* Dataset extract:
====================

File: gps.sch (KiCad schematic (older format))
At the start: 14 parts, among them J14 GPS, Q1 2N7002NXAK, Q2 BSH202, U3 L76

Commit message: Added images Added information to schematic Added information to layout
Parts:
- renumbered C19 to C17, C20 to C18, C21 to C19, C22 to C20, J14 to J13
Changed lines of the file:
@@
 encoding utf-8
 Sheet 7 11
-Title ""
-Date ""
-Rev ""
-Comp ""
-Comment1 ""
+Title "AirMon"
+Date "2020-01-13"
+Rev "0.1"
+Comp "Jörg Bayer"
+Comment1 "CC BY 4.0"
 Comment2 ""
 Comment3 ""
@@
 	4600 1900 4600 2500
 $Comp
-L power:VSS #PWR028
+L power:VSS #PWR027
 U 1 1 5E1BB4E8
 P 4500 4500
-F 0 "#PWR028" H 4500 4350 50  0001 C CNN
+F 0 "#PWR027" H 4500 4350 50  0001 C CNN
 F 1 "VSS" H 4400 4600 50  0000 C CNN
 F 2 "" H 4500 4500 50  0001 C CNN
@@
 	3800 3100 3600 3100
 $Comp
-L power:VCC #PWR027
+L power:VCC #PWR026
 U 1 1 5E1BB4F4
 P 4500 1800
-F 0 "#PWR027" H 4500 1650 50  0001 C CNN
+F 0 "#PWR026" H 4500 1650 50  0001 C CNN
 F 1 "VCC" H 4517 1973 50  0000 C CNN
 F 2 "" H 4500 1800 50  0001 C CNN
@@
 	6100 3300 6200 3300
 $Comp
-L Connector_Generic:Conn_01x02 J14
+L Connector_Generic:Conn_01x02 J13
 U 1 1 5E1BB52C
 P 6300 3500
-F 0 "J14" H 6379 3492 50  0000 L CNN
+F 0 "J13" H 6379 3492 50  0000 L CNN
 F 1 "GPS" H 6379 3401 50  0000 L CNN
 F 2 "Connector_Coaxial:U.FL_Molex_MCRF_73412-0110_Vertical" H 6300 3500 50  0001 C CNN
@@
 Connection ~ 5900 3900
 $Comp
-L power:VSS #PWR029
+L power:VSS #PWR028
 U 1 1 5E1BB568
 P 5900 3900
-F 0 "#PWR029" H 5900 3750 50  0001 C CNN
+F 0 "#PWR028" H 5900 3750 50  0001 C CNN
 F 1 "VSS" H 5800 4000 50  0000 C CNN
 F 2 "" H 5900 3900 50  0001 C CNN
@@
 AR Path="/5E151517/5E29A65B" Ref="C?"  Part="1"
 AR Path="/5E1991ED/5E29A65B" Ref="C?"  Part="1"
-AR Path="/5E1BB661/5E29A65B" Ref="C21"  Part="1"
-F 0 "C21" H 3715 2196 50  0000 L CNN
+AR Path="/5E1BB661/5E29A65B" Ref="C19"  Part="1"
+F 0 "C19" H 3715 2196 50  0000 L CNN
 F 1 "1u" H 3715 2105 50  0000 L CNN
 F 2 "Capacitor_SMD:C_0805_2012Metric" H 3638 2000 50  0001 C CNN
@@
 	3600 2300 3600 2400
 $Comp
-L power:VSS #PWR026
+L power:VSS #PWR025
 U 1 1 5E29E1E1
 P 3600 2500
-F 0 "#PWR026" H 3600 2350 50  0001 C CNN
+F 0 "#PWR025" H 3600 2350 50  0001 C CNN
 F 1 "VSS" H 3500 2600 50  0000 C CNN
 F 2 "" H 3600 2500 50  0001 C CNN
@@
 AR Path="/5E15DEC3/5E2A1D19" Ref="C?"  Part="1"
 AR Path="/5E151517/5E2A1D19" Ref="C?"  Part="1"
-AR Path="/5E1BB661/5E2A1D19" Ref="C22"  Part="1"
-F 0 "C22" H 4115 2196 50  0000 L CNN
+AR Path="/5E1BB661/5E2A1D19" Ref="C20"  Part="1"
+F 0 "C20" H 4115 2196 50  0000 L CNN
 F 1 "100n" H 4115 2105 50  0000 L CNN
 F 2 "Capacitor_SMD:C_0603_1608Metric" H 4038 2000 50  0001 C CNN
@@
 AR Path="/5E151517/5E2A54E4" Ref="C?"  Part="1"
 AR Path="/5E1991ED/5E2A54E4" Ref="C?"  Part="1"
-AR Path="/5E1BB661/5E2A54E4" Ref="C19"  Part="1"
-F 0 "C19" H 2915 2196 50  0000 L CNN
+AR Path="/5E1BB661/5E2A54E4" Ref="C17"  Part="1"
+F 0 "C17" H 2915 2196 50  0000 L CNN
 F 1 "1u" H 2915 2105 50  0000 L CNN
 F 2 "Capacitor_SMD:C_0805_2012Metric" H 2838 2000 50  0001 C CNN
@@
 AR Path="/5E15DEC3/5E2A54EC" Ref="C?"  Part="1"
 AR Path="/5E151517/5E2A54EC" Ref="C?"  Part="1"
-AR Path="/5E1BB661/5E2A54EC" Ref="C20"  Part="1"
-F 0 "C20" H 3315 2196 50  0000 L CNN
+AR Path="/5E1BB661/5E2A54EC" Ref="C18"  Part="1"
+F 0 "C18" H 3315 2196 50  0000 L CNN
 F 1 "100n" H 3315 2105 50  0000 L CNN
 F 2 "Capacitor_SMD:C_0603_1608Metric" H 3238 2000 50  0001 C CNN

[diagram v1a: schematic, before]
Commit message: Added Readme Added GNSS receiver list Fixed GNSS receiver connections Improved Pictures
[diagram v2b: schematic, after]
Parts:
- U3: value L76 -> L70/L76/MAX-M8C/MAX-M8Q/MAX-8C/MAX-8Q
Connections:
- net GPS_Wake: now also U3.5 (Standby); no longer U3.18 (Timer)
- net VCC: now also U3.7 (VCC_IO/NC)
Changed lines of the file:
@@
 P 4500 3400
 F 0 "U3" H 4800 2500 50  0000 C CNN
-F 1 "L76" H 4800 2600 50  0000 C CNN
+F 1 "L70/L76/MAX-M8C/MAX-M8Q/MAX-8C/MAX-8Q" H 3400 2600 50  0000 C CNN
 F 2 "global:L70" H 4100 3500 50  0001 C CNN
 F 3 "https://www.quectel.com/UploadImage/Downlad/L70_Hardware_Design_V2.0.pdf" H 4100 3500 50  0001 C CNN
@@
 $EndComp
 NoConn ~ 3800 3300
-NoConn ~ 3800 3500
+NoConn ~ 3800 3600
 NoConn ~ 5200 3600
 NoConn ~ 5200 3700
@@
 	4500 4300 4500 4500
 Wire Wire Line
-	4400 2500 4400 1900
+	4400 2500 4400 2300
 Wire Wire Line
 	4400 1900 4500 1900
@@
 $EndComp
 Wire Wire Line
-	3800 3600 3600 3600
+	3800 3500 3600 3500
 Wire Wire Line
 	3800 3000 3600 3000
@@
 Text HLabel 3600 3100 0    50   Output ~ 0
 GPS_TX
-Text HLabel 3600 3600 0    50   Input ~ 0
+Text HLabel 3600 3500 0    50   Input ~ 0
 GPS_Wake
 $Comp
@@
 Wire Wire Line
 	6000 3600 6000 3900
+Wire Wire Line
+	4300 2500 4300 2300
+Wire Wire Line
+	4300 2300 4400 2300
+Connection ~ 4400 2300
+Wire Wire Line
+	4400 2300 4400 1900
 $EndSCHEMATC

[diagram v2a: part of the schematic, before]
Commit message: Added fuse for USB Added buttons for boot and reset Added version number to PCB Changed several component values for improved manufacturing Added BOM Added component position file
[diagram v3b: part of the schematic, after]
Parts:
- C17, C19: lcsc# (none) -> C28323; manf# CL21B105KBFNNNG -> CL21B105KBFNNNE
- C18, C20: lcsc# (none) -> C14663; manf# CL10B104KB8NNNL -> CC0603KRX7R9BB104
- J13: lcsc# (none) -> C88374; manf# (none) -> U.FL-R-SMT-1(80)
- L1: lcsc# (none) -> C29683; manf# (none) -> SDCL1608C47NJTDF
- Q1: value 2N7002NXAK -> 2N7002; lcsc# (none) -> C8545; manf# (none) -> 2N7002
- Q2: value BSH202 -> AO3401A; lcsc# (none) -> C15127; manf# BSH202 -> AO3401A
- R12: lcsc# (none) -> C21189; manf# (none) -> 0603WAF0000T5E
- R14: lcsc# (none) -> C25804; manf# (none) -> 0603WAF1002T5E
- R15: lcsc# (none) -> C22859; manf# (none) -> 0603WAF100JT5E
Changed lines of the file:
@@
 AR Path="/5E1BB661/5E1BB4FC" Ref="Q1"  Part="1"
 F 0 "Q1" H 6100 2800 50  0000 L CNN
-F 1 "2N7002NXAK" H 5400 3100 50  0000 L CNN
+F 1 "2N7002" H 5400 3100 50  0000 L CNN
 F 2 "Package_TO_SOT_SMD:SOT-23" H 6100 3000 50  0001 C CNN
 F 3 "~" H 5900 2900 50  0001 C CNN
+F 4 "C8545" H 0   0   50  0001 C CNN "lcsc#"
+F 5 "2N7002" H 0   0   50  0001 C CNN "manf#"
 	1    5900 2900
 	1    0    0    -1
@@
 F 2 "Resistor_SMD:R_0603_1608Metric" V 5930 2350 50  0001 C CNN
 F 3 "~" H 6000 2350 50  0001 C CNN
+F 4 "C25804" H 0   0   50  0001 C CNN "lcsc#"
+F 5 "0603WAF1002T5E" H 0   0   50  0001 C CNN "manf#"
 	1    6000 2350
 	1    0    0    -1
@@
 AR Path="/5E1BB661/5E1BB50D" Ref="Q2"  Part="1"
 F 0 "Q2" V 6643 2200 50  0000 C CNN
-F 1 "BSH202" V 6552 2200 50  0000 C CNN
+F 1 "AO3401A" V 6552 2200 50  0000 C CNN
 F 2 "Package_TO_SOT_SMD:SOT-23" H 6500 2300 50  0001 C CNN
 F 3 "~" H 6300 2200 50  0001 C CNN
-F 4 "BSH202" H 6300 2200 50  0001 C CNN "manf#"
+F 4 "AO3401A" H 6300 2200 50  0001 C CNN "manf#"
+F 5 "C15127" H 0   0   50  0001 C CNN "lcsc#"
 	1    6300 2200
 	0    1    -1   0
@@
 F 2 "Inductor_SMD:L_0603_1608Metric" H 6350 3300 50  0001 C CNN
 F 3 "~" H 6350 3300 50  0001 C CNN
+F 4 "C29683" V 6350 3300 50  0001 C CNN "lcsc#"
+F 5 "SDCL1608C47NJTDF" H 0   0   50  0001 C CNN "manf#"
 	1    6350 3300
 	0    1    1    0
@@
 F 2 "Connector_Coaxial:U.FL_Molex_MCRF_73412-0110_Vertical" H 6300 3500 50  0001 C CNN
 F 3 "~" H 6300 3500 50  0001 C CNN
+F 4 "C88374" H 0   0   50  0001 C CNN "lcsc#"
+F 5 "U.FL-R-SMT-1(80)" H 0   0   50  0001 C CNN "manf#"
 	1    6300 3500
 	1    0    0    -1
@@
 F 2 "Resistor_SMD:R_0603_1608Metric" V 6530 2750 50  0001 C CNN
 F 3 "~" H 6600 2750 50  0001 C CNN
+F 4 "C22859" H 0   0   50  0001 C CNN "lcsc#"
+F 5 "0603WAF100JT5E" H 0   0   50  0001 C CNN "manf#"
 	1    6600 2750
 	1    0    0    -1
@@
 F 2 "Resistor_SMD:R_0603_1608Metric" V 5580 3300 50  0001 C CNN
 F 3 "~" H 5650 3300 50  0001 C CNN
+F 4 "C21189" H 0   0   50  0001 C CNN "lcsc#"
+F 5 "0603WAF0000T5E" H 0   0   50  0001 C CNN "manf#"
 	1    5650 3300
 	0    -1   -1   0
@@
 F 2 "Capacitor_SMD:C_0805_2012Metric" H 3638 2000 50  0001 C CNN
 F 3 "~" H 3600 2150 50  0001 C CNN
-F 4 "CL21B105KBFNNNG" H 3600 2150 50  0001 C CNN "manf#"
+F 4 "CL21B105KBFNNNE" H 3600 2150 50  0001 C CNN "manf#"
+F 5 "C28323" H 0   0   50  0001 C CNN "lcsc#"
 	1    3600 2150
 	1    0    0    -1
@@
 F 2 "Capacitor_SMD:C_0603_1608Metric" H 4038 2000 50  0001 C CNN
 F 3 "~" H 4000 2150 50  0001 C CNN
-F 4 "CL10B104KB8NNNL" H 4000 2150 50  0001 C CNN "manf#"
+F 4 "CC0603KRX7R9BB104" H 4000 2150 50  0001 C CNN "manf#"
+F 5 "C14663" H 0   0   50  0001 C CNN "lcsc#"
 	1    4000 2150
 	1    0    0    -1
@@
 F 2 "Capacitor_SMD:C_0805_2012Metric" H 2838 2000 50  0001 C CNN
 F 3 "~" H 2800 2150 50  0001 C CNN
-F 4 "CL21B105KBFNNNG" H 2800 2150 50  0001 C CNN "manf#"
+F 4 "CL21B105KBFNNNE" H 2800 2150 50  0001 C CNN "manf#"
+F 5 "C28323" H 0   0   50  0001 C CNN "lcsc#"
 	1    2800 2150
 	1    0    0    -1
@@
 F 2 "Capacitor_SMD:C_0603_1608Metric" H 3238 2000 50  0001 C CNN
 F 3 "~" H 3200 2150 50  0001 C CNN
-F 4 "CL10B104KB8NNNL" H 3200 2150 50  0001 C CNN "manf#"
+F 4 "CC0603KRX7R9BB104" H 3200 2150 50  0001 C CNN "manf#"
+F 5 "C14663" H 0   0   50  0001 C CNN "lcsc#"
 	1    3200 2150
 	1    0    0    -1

====================

* Directions for this task:
Copy out the lines above exactly, beginning at the one that contains "P 5900 3900" and ending at the one that contains "H 4115 2105".

* Response:
 P 5900 3900
-F 0 "#PWR029" H 5900 3750 50  0001 C CNN
+F 0 "#PWR028" H 5900 3750 50  0001 C CNN
 F 1 "VSS" H 5800 4000 50  0000 C CNN
 F 2 "" H 5900 3900 50  0001 C CNN
@@
 AR Path="/5E151517/5E29A65B" Ref="C?"  Part="1"
 AR Path="/5E1991ED/5E29A65B" Ref="C?"  Part="1"
-AR Path="/5E1BB661/5E29A65B" Ref="C21"  Part="1"
-F 0 "C21" H 3715 2196 50  0000 L CNN
+AR Path="/5E1BB661/5E29A65B" Ref="C19"  Part="1"
+F 0 "C19" H 3715 2196 50  0000 L CNN
 F 1 "1u" H 3715 2105 50  0000 L CNN
 F 2 "Capacitor_SMD:C_0805_2012Metric" H 3638 2000 50  0001 C CNN
@@
 	3600 2300 3600 2400
 $Comp
-L power:VSS #PWR026
+L power:VSS #PWR025
 U 1 1 5E29E1E1
 P 3600 2500
-F 0 "#PWR026" H 3600 2350 50  0001 C CNN
+F 0 "#PWR025" H 3600 2350 50  0001 C CNN
 F 1 "VSS" H 3500 2600 50  0000 C CNN
 F 2 "" H 3600 2500 50  0001 C CNN
@@
 AR Path="/5E15DEC3/5E2A1D19" Ref="C?"  Part="1"
 AR Path="/5E151517/5E2A1D19" Ref="C?"  Part="1"
-AR Path="/5E1BB661/5E2A1D19" Ref="C22"  Part="1"
-F 0 "C22" H 4115 2196 50  0000 L CNN
+AR Path="/5E1BB661/5E2A1D19" Ref="C20"  Part="1"
+F 0 "C20" H 4115 2196 50  0000 L CNN
 F 1 "100n" H 4115 2105 50  0000 L CNN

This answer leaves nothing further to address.